Add support for loading root CAs from Windows crypto API

Fixes #18020. Reviewed-by: Richard Levitte <levitte@openssl.org> Reviewed-by: Tomas Mraz <tomas@openssl.org> (Merged from https://github.com/openssl/openssl/pull/18070)

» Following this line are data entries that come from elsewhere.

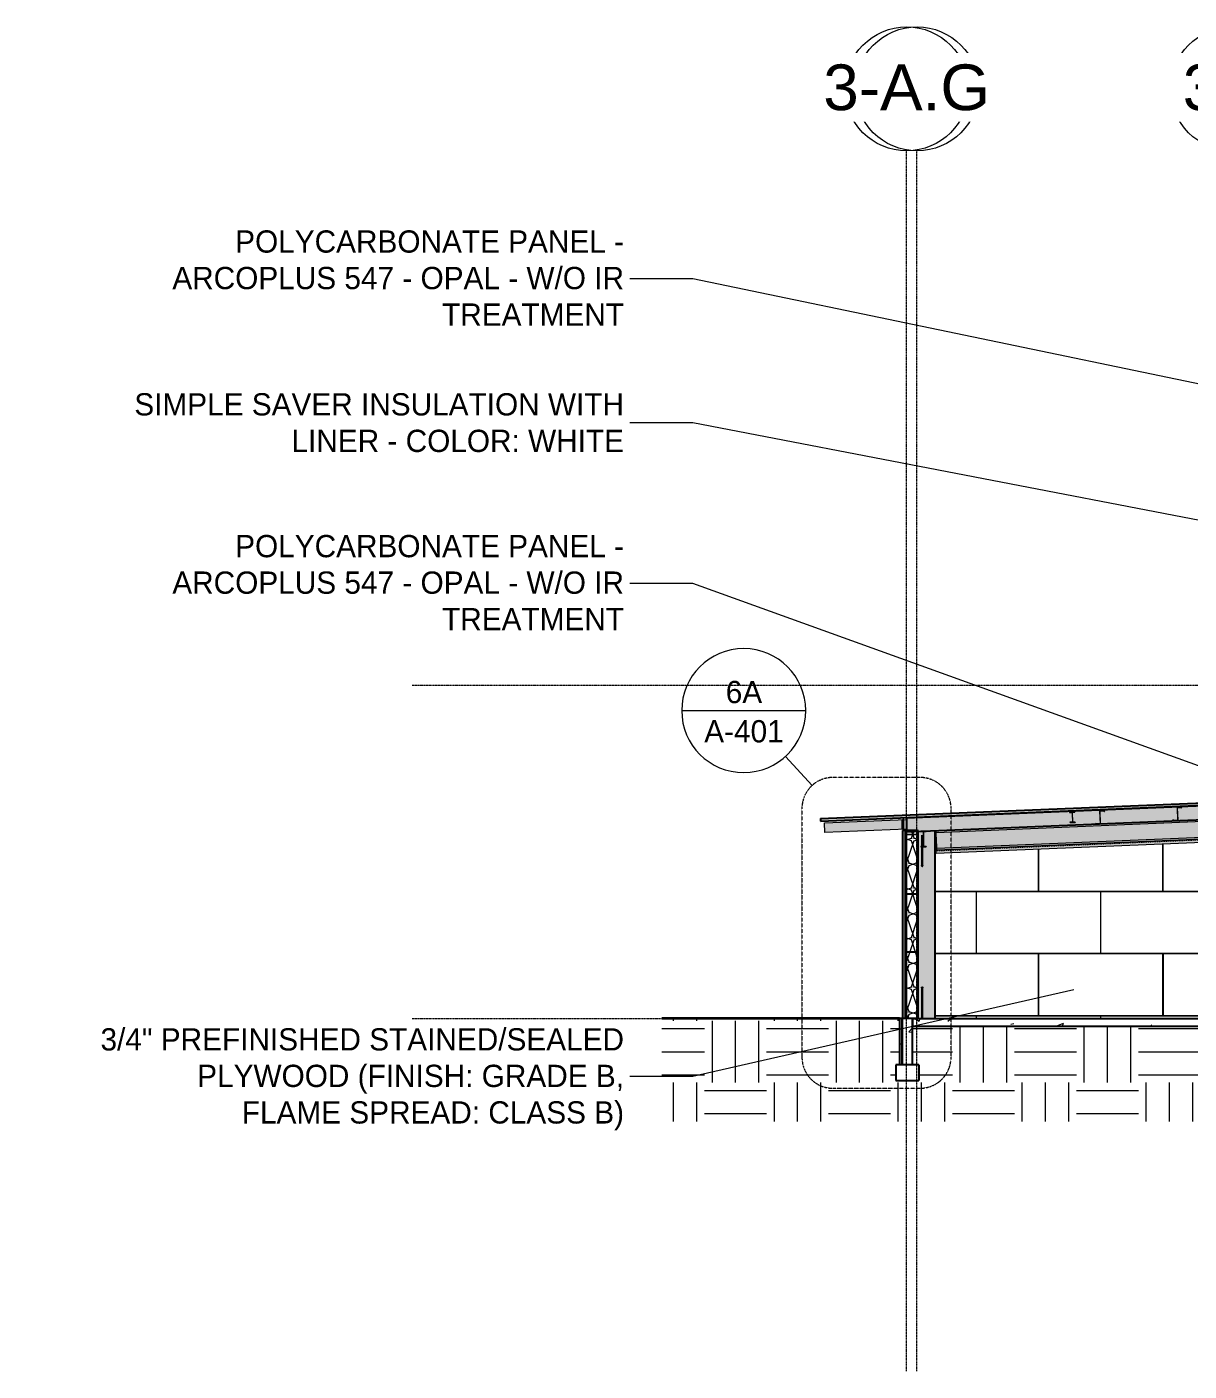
# Model space of a CAD drawing. Header units: inches. Extents: x 21380 to 98133, y -290 to 853.
# Drawn here: x 21380 to 22280, y -273 to 768 of the extents above; entities that cross this region are included whole.
import ezdxf

# ---------------------------------------------------------------- set-up
doc = ezdxf.new("R2010")
doc.units = ezdxf.units.IN
doc.header["$MEASUREMENT"] = 0
for name, pattern in [('Dash Dot 3_16_', [0.3125, 0.1875, -0.0625, 0, -0.0625]), ('Grid Line 1_2_', [0.875, 0.5, -0.125, 0.125, -0.125]), ('Hidden 1_8_', [0.1875, 0.125, -0.0625])]:
    doc.linetypes.add(name, pattern=pattern)
for name, color, linetype, lineweight in [('A-ANNO-IDEN', 131, 'Continuous', 9), ('A-ANNO-SYMB', 150, 'Continuous', 9), ('A-CLNG', 13, 'Continuous', 9), ('A-CLNG-PATT', 13, 'Continuous', 25), ('A-FLOR', 192, 'Continuous', 9), ('A-FLOR-LEVL', 51, 'Continuous', 9), ('A-FLOR-PATT', 8, 'Continuous', 25), ('A-ROOF', 132, 'Continuous', 9), ('A-WALL', 113, 'Continuous', 9), ('A-WALL-PATT', 111, 'Continuous', 25), ('C-TOPO', 7, 'Continuous', 9), ('I-WALL', 2, 'Continuous', 9), ('L-SITE-WALL', 31, 'Continuous', 9), ('S-BEAM', 12, 'Continuous', 9), ('S-COLS', 52, 'Continuous', 9), ('S-FNDN', 32, 'Continuous', 9), ('S-GRID', 1, 'Continuous', 9), ('S-GRID-IDEN', 1, 'Continuous', 9)]:
    doc.layers.add(name, color=color, linetype=linetype, lineweight=lineweight)
doc.styles.add('Arial_1', font='arial.ttf', dxfattribs={"height": 35.407186})
doc.styles.add('Century Gothic', font='GOTHIC.TTF', dxfattribs={"height": 17.245342})
pattern_1 = [(50, (22097.104, 100.19), (55.0854, -4.8198), [5.76, -63.36]), (355, (22097.104, 100.19), (-10.6557, 57.7685), [4.608, -50.688]), (100.451, (22101.695, 99.787), (44.4295, 52.9487), [4.895, -53.848]), (46.184, (22097.104, 115.55), (81.9644, -12.712), [8.64, -95.04]), (96.636, (22103.935, 114.49), (71.7815, 74.812), [7.343, -80.772]), (351.184, (22097.1, 115.55), (71.782, 74.812), [6.912, -76.032]), (21, (22104.784, 111.71), (45.842, -30.9215), [5.76, -63.36]), (326, (22104.784, 111.71), (18.687, 55.6915), [4.608, -50.688]), (71.451, (22108.605, 109.13), (64.529, 24.77), [4.895, -53.848]), (37.5, (22097.104, 100.189), (0.9339, 25.5668), [2.534, -47.539, 2.534, -48.922, -50.88]), (37.5, (22097.104, 100.189), (0.9339, 25.5668), [-101.53, 2.534, -48.346]), (7.5, (22097.104, 100.19), (20.204, 30.2913), [2.534, -26.803, 2.534, -46.387, -19.392]), (7.5, (22097.104, 100.19), (20.204, 30.2913), [-78.259, 2.534, -16.858]), (327.5, (22079.978, 100.19), (40.9978, -1.7324), [2.534, -16.666, 2.534, -57.37, -79.488]), (327.5, (22079.978, 100.19), (40.9978, -1.7324), [-79.104, 2.534, -76.954]), (317.5, (22072.298, 100.19), (44.7889, 7.6878), [2.534, -22.426, 2.534, -37.248, -56.448]), (317.5, (22072.298, 100.19), (44.7889, 7.6878), [-64.742, 2.534, -53.914])]
pattern_2 = [(45, (22097.104, 100.19), (-19.007, 19.007), []), (45, (22097.104, 128.99), (-19.007, 19.007), [])]
pattern_3 = [(0, (22097.104, 100.19), (0, 24), []), (90, (22097.104, 100.19), (-24, 1e-15), [])]
pattern_4 = [(161.57, (22098.064, 101.149), (-7.680224, -0.00098), [0, -54.643, 6.067, 0]), (18.43, (22096.144, 101.149), (-7.680224, 0.00098), [0, -54.643, 6.067, 0]), (108.43, (22098.064, 101.149), (3.838295, -19.201365), [18.211, -42.499]), (71.57, (22096.144, 101.149), (3.838295, 19.201365), [18.211, -42.499])]

# ---------------------------------------------------------------- blocks, each defined once
blk = doc.blocks.new('Struct_Xcel_Sports Complex_rvt-1-Building Section - East_West looking North')
at = {"layer": 'A-FLOR-PATT', "lineweight": 9}
h = blk.add_hatch(dxfattribs=at)
h.set_pattern_fill('FP_8', style=0, pattern_type=2)
h.set_pattern_definition(pattern_1)
h.paths.add_polyline_path([(22638.7, -6.8), (22737.3, -6.8), (22772.6, -6), (22772.6, 0), (22737.3, -0.8), (22638.7, -0.8), (22602.3, 0), (22066.1, 0), (22066.1, -6), (22602.3, -6)], flags=0)
at = {"layer": 'A-WALL-PATT', "lineweight": 9}
h = blk.add_hatch(dxfattribs=at)
h.set_pattern_fill('FP_8', style=0, pattern_type=2)
h.set_pattern_definition(pattern_1)
h.paths.add_polyline_path([(22058.1, -36), (22066.1, -36), (22066.1, 0), (22058.1, 0), (22058.1, -1.7)], flags=0)
at = {"layer": 'A-FLOR', "color": 250, "lineweight": 25}
for p, q in [((22066.1, 0), (22066.1, -6)), ((22066.1, 0), (22602.3, 0)), ((22066.1, -6), (22602.3, -6))]:
    blk.add_line(p, q, dxfattribs=at)
at = {"layer": 'L-SITE-WALL', "color": 250, "lineweight": 25}
for p, q in [((22058.1, 0), (22058.1, -36)), ((22066.1, 0), (22058.1, 0)), ((22066.1, -36), (22066.1, 0)), ((22066.1, -36), (22058.1, -36))]:
    blk.add_line(p, q, dxfattribs=at)
at = {"layer": 'S-FNDN', "color": 250, "lineweight": 25}
for p, q in [((22071.1, -36), (22053.1, -36)), ((22053.1, -36), (22053.1, -48)), ((22071.1, -36), (22071.1, -48)), ((22053.1, -48), (22071.1, -48))]:
    blk.add_line(p, q, dxfattribs=at)
blk = doc.blocks.new('Girt_C - 8_D-1405486-Building Section - East_West looking North')
at = {"layer": 'S-BEAM'}
h = blk.add_hatch(dxfattribs=at)
h.set_pattern_fill('FP_1', color=256, style=0, pattern_type=2)
h.set_pattern_definition(pattern_2)
h.paths.add_polyline_path([(22061.8, 96.3), (22069.5, 96.3), (22069.5, 96.4), (22061.8, 96.4)], flags=0)
h.paths.add_polyline_path([(22069.5, 96.5), (22069.6, 96.5), (22069.6, 99.8), (22069.1, 100.3), (22069, 100.2), (22069.5, 99.8)], flags=0)
h.paths.add_polyline_path([(22061.7, 96.5), (22061.7, 99.8), (22062.3, 100.2), (22062.2, 100.3), (22061.6, 99.8), (22061.6, 96.5)], flags=0)
at = {"layer": 'S-BEAM', "lineweight": 15}
for p, q in [((22061.6, 99.8), (22062.2, 100.3)), ((22061.6, 99.8), (22061.6, 96.5)), ((22061.7, 99.8), (22062.3, 100.2)), ((22061.7, 96.5), (22061.7, 99.8)), ((22069.5, 96.4), (22061.8, 96.4)), ((22061.8, 96.3), (22069.5, 96.3)), ((22062.3, 100.2), (22062.2, 100.3)), ((22069.1, 100.3), (22069, 100.2)), ((22069.5, 99.8), (22069, 100.2)), ((22069.6, 99.8), (22069.1, 100.3)), ((22069.5, 99.8), (22069.5, 96.5)), ((22069.6, 96.5), (22069.6, 99.8))]:
    blk.add_line(p, q, dxfattribs=at)
for centre, radius, start, end in [((22061.8, 96.5), 0.188, 180, 270), ((22061.8, 96.5), 0.0782, 182.1227, 270), ((22069.5, 96.5), 0.188, 270, 0), ((22069.5, 96.5), 0.0782, 270, 356.9576)]:
    blk.add_arc(centre, radius, start, end, dxfattribs=at)
blk = doc.blocks.new('W-Wide Flange - 1_-5_-1401438-Building Section - East_West looking North')
at = {"layer": 'S-BEAM'}
h = blk.add_hatch(color=256, dxfattribs=at)
h.paths.add_polyline_path([(22084.4, 144.1), (22597.4, 165.5), (22597.4, 166.6), (22084.4, 145.2), (22084.4, 144.2)], flags=0)
h.paths.add_polyline_path([(22602.1, 165.7), (22768.9, 172.6), (22768.8, 173.7), (22602.1, 166.7), (22602.1, 166.6)], flags=0)
h = blk.add_hatch(color=256, dxfattribs=at)
h.paths.add_polyline_path([(22084.5, 143.2), (22597.4, 164.6), (22597.4, 165.5), (22084.4, 144.1), (22084.5, 143.4)], flags=0)
h.paths.add_polyline_path([(22602.1, 164.8), (22768.9, 171.7), (22768.9, 172.6), (22602.1, 165.6), (22602.1, 164.8)], flags=0)
h = blk.add_hatch(color=256, dxfattribs=at)
h.paths.add_polyline_path([(22084.9, 132.7), (22597.4, 154.1), (22597.4, 164.6), (22084.5, 143.2), (22084.8, 135)], flags=0)
h.paths.add_polyline_path([(22602.1, 154.3), (22769.3, 161.2), (22768.9, 171.7), (22602.1, 164.8), (22602.1, 154.6)], flags=0)
h = blk.add_hatch(color=256, dxfattribs=at)
h.paths.add_polyline_path([(22085, 131.8), (22597.4, 153.2), (22597.4, 154.1), (22084.9, 132.7), (22085, 131.8)], flags=0)
h.paths.add_polyline_path([(22602.1, 153.4), (22769.4, 160.4), (22769.3, 161.2), (22602.1, 154.3), (22602.1, 153.4)], flags=0)
h = blk.add_hatch(color=256, dxfattribs=at)
h.paths.add_polyline_path([(22085, 130.5), (22597.4, 151.8), (22597.4, 153.2), (22085, 131.8)], flags=0)
h.paths.add_polyline_path([(22602.1, 152), (22769.4, 159), (22769.4, 160.3), (22602.1, 153.4)], flags=0)
for p, q in [((22602.1, 165.7), (22768.9, 172.6)), ((22768.8, 173.7), (22768.9, 172.6)), ((22768.9, 172.6), (22768.9, 171.7)), ((22768.9, 171.7), (22769.3, 161.2)), ((22084.4, 144.1), (22597.4, 165.5)), ((22602.1, 153.4), (22769.4, 160.3)), ((22602.1, 152), (22769.4, 159)), ((22769.3, 161.2), (22769.4, 160.3)), ((22769.4, 160.3), (22769.4, 159)), ((22085, 131.8), (22597.4, 153.2)), ((22085, 130.5), (22597.4, 151.8)), ((22084.4, 144.1), (22084.4, 145.2)), ((22084.5, 143.2), (22084.4, 144.1)), ((22084.9, 132.7), (22084.5, 143.2)), ((22085, 131.8), (22084.9, 132.7)), ((22085, 130.5), (22085, 131.8))]:
    blk.add_line(p, q, dxfattribs=at)
blk = doc.blocks.new('W-Wide Flange - W12X19-1098423-Building Section - East_West looking North')
at = {"layer": 'S-BEAM'}
h = blk.add_hatch(dxfattribs=at)
h.set_pattern_fill('FP_1', color=256, style=0, pattern_type=2)
h.set_pattern_definition(pattern_2)
h.paths.add_polyline_path([(22072.6, 132.9), (22076.6, 132.9), (22076.6, 133.2), (22072.6, 133.2)], flags=0)
h.paths.add_polyline_path([(22074.1, 133.2), (22075, 133.3), (22074.8, 133.5), (22074.8, 133.7), (22074.8, 144.4), (22075, 144.6), (22075.1, 144.7), (22074.3, 144.6), (22074.5, 144.4), (22074.5, 144.2), (22074.5, 133.5), (22074.3, 133.3)], flags=0)
h.paths.add_polyline_path([(22076.6, 144.7), (22076.6, 145.1), (22072.6, 145.1), (22072.6, 144.7), (22075.3, 144.7)], flags=0)
at = {"layer": 'S-BEAM', "lineweight": 15}
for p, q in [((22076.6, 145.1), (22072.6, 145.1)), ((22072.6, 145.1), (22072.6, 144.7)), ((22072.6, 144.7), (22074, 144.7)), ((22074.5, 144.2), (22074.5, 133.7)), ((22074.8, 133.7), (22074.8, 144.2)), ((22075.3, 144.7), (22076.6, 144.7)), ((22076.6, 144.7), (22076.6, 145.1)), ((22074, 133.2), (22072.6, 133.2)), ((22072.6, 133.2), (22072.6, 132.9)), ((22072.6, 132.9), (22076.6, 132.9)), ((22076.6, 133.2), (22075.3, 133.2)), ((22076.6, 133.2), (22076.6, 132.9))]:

author: Hugo Landau <hlandau@openssl.org> 2022-04-08 13:20:44 +0100
committer: Hugo Landau <hlandau@openssl.org> 2022-09-14 14:10:18 +0100
commit: 606e0426a148034c8c131de9f31f7d3e38be99ea (patch)
tree: 2d91031e79f6b5bb2f83076924e4f1de54655d7e /providers
parent: 021859bf810a3614758c2f4871b9cd7202fac9b2 (diff)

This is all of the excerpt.